• _Task requirements_:
Once the line with "msp = doc.modelspace()" is found in the entries below, repeat that line and every one after it exactly, ending at the last.

[Items from a data source]
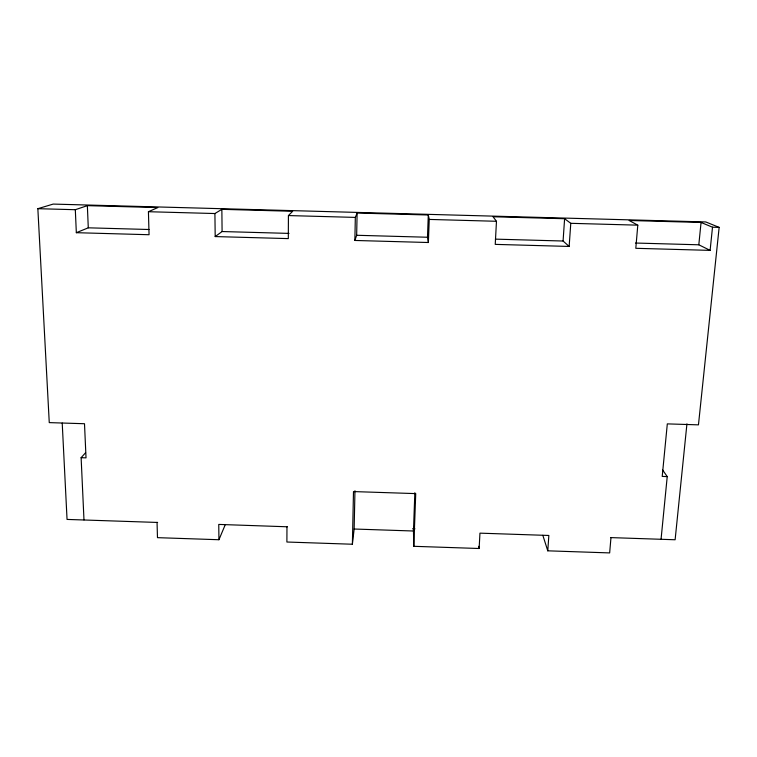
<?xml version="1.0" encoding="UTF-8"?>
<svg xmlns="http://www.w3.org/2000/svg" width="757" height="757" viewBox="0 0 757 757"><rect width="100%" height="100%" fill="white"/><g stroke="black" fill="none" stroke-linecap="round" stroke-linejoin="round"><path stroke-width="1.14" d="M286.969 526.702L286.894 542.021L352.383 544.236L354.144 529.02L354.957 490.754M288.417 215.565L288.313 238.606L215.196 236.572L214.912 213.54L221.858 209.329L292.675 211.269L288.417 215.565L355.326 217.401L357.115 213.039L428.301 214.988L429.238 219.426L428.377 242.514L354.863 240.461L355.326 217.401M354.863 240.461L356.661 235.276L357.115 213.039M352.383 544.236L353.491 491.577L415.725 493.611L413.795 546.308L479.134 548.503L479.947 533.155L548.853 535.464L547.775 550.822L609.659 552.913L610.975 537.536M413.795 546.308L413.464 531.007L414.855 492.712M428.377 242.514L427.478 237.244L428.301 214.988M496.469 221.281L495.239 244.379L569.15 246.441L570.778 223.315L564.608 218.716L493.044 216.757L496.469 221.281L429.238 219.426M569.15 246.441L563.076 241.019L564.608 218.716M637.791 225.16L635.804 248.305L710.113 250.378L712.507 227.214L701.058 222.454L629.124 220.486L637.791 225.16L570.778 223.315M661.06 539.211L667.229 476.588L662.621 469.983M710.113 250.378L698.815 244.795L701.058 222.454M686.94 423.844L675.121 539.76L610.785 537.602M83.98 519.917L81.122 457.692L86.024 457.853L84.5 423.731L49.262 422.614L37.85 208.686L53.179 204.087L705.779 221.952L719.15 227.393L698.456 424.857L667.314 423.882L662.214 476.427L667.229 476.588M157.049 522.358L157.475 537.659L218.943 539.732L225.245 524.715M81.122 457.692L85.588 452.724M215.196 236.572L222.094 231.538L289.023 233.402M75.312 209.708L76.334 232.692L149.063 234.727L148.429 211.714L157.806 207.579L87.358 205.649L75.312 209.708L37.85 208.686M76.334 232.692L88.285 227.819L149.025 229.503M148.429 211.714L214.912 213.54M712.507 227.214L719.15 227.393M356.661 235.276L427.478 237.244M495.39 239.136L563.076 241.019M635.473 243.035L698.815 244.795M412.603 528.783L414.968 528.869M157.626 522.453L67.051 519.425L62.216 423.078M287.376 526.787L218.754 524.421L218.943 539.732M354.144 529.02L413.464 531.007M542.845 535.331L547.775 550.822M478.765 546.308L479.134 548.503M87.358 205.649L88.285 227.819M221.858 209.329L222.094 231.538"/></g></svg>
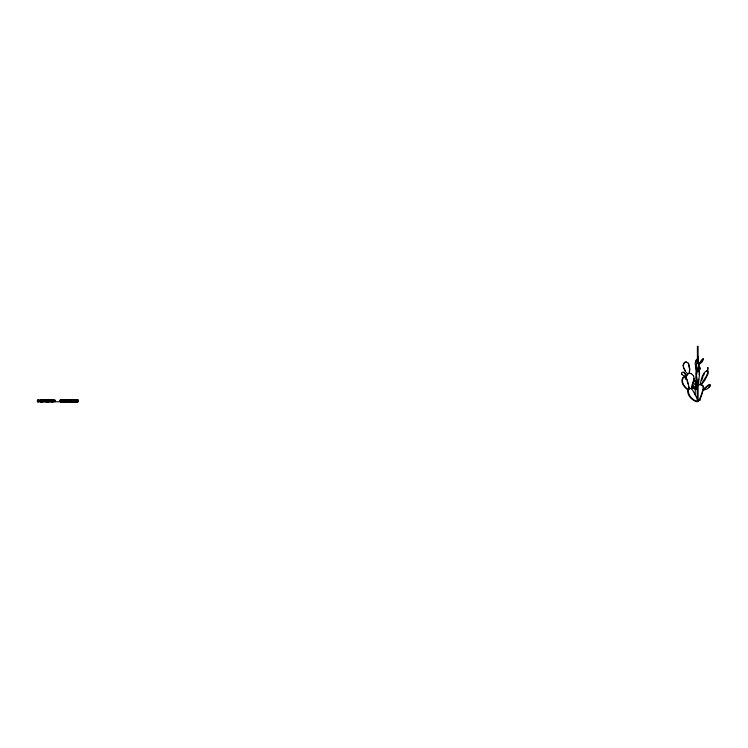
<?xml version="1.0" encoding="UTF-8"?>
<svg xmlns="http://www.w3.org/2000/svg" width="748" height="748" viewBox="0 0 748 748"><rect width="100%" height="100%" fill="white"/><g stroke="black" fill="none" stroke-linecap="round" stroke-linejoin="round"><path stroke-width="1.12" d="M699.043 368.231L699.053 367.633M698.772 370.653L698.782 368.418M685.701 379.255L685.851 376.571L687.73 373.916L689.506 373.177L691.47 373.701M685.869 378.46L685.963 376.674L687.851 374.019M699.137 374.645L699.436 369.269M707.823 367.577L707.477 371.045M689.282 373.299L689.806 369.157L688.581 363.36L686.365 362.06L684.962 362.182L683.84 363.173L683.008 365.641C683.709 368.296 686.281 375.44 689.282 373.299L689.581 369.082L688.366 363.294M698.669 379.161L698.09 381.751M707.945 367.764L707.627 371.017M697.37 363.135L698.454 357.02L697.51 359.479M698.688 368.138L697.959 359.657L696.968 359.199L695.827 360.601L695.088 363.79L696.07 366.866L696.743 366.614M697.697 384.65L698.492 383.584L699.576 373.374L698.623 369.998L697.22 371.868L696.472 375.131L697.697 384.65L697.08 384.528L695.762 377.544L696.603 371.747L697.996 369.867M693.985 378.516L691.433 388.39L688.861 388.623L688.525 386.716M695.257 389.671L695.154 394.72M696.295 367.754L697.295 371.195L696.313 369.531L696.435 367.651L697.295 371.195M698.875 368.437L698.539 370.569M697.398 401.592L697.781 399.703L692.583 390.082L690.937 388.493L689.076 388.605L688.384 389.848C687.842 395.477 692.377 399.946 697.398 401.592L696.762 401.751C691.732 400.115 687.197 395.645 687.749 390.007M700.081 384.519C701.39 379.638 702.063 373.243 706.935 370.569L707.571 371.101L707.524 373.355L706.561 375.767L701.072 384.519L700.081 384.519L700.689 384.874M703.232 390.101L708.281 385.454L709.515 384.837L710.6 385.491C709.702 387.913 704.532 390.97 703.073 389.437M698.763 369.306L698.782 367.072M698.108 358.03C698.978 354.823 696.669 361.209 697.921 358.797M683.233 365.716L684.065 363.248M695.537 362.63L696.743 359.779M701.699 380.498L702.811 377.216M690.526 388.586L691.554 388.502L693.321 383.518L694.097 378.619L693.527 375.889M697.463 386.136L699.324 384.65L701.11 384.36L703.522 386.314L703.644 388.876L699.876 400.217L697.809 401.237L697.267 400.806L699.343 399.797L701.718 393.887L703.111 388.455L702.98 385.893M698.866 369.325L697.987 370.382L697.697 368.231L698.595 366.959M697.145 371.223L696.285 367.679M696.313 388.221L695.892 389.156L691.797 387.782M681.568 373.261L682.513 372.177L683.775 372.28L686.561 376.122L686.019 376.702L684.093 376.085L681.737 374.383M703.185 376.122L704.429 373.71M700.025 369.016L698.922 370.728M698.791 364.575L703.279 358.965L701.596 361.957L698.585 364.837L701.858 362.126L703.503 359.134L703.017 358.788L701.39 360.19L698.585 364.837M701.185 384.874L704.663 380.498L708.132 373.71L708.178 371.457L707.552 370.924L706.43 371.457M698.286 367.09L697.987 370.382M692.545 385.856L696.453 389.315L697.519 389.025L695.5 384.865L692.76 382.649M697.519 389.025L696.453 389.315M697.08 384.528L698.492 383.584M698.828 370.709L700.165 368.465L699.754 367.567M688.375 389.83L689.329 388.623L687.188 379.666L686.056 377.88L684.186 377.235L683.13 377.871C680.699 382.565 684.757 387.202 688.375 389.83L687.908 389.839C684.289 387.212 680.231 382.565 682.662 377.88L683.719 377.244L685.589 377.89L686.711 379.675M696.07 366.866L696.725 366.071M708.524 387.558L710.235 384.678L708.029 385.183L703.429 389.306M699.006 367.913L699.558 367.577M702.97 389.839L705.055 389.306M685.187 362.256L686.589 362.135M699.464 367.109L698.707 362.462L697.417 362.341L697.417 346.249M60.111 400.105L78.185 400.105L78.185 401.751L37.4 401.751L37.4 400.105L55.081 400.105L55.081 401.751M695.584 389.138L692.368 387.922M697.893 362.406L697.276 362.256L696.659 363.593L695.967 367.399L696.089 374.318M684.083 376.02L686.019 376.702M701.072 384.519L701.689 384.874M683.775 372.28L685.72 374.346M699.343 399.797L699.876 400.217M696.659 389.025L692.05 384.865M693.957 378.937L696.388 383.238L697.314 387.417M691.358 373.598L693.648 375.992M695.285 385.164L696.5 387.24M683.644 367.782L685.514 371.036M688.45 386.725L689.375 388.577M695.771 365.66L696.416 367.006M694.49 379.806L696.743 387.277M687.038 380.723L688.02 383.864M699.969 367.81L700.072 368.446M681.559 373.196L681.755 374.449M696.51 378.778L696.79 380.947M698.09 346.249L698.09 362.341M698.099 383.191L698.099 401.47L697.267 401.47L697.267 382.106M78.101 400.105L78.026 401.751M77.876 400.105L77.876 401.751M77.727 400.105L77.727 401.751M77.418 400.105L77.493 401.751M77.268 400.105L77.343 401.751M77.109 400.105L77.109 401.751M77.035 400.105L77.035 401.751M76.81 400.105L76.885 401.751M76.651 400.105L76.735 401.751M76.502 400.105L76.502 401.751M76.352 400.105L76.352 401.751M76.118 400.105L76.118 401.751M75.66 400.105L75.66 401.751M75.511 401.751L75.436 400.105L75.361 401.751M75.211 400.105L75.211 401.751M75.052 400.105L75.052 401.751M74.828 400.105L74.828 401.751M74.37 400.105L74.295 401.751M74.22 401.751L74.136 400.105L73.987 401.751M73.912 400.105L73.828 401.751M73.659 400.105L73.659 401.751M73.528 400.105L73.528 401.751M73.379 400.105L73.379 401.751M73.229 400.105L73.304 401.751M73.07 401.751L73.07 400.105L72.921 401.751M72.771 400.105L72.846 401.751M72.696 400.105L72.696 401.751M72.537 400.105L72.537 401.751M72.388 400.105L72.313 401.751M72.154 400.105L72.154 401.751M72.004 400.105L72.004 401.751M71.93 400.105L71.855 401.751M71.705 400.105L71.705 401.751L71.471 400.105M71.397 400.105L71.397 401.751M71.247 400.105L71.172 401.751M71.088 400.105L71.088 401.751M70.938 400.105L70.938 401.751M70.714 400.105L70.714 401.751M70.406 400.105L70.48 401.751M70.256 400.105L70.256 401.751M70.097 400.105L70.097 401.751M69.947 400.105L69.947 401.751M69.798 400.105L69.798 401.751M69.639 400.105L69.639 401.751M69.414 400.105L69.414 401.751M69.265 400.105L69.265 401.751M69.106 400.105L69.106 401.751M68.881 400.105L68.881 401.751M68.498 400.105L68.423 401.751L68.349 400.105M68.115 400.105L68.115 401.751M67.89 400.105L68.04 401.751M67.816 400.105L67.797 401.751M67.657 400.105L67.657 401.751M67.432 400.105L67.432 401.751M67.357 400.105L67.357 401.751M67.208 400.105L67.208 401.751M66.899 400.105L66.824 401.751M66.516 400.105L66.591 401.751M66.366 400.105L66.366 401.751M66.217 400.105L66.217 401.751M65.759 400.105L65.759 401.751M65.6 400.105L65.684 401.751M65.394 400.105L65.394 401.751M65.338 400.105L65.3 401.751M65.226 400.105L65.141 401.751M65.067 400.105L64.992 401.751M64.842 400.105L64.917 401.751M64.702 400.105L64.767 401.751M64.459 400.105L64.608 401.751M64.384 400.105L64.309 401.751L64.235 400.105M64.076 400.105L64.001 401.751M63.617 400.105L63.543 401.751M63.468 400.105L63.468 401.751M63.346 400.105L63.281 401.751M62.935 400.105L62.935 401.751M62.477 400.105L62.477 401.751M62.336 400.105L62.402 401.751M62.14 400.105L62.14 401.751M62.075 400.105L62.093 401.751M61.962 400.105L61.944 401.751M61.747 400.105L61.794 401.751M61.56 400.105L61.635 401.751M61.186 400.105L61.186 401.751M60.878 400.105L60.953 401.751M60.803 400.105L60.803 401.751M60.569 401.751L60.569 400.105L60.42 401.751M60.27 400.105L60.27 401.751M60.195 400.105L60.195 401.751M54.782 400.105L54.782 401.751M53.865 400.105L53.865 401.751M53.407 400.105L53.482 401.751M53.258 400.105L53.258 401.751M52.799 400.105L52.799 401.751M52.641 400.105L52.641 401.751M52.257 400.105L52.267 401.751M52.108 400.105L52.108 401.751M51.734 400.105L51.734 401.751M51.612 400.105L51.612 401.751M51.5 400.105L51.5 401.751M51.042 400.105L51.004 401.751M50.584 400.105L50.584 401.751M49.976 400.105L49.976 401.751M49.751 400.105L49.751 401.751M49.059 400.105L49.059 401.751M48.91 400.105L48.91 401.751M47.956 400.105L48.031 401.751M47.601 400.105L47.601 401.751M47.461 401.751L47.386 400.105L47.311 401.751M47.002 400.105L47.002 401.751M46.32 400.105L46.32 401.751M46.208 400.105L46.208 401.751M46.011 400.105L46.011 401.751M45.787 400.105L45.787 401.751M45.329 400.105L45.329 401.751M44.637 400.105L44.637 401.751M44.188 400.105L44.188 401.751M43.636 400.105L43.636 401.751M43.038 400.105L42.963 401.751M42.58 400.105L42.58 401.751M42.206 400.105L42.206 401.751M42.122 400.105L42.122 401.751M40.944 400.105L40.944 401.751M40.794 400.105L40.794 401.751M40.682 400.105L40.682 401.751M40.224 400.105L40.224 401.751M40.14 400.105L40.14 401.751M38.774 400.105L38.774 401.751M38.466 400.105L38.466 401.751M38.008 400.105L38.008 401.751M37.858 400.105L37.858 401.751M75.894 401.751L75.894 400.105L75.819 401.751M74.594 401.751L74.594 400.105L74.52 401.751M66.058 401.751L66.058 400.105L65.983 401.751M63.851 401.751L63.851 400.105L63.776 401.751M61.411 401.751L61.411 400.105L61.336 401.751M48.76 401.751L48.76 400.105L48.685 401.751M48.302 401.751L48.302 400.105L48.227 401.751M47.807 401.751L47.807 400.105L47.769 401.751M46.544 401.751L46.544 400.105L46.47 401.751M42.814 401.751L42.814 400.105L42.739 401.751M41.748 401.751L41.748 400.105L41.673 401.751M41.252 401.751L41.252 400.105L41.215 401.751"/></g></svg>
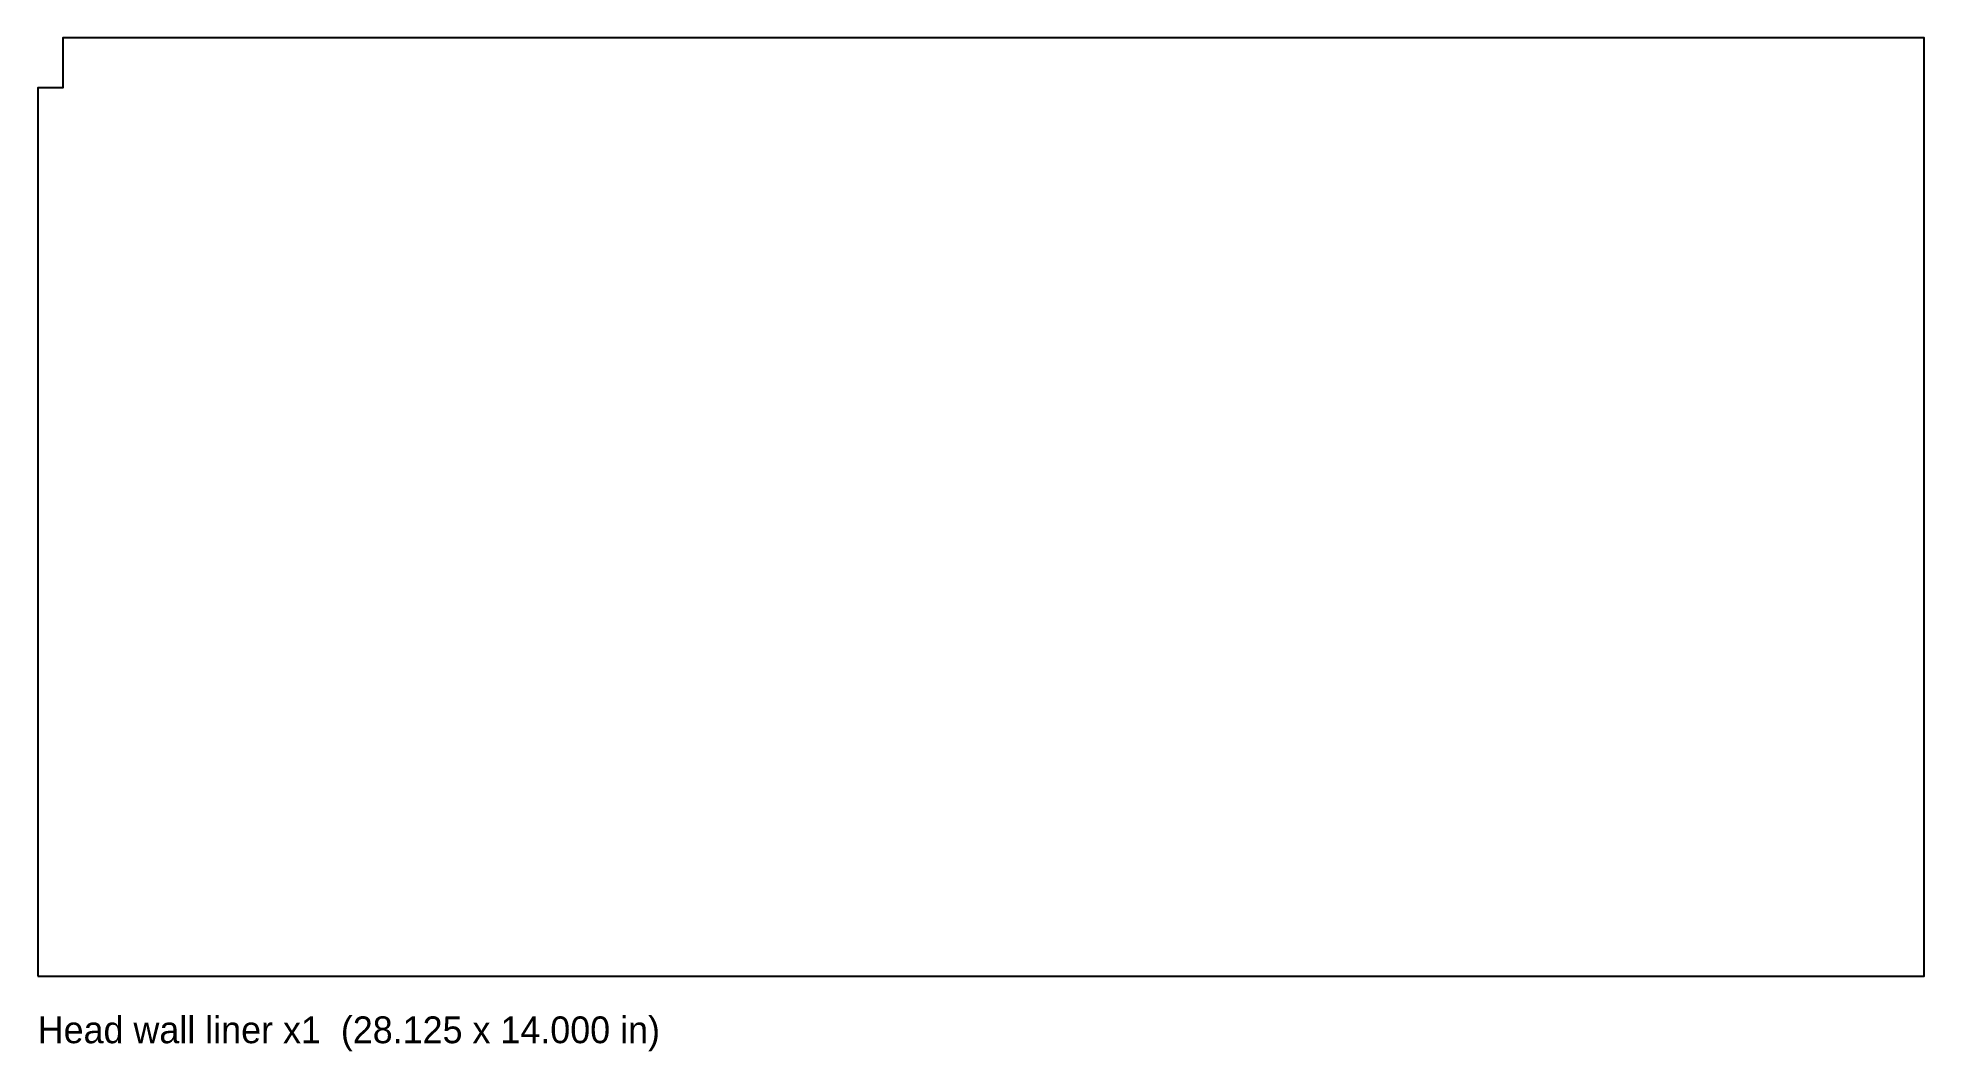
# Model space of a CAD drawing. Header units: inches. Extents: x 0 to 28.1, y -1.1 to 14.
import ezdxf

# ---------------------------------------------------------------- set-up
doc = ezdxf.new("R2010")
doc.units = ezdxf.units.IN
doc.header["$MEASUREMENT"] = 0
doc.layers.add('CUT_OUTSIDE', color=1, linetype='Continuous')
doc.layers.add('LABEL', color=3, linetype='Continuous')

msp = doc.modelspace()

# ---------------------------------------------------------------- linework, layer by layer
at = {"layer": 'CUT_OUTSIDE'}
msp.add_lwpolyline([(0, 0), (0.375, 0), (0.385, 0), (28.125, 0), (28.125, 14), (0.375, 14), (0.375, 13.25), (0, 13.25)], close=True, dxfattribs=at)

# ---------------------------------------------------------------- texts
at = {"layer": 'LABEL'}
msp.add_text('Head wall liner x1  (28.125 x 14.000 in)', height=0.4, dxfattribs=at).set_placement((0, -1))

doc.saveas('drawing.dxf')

• _Solution for this problem_:
msp = doc.modelspace()

# ---------------------------------------------------------------- linework, layer by layer
at = {"layer": 'CUT_OUTSIDE'}
msp.add_lwpolyline([(0, 0), (0.375, 0), (0.385, 0), (28.125, 0), (28.125, 14), (0.375, 14), (0.375, 13.25), (0, 13.25)], close=True, dxfattribs=at)

# ---------------------------------------------------------------- texts
at = {"layer": 'LABEL'}
msp.add_text('Head wall liner x1  (28.125 x 14.000 in)', height=0.4, dxfattribs=at).set_placement((0, -1))

doc.saveas('drawing.dxf')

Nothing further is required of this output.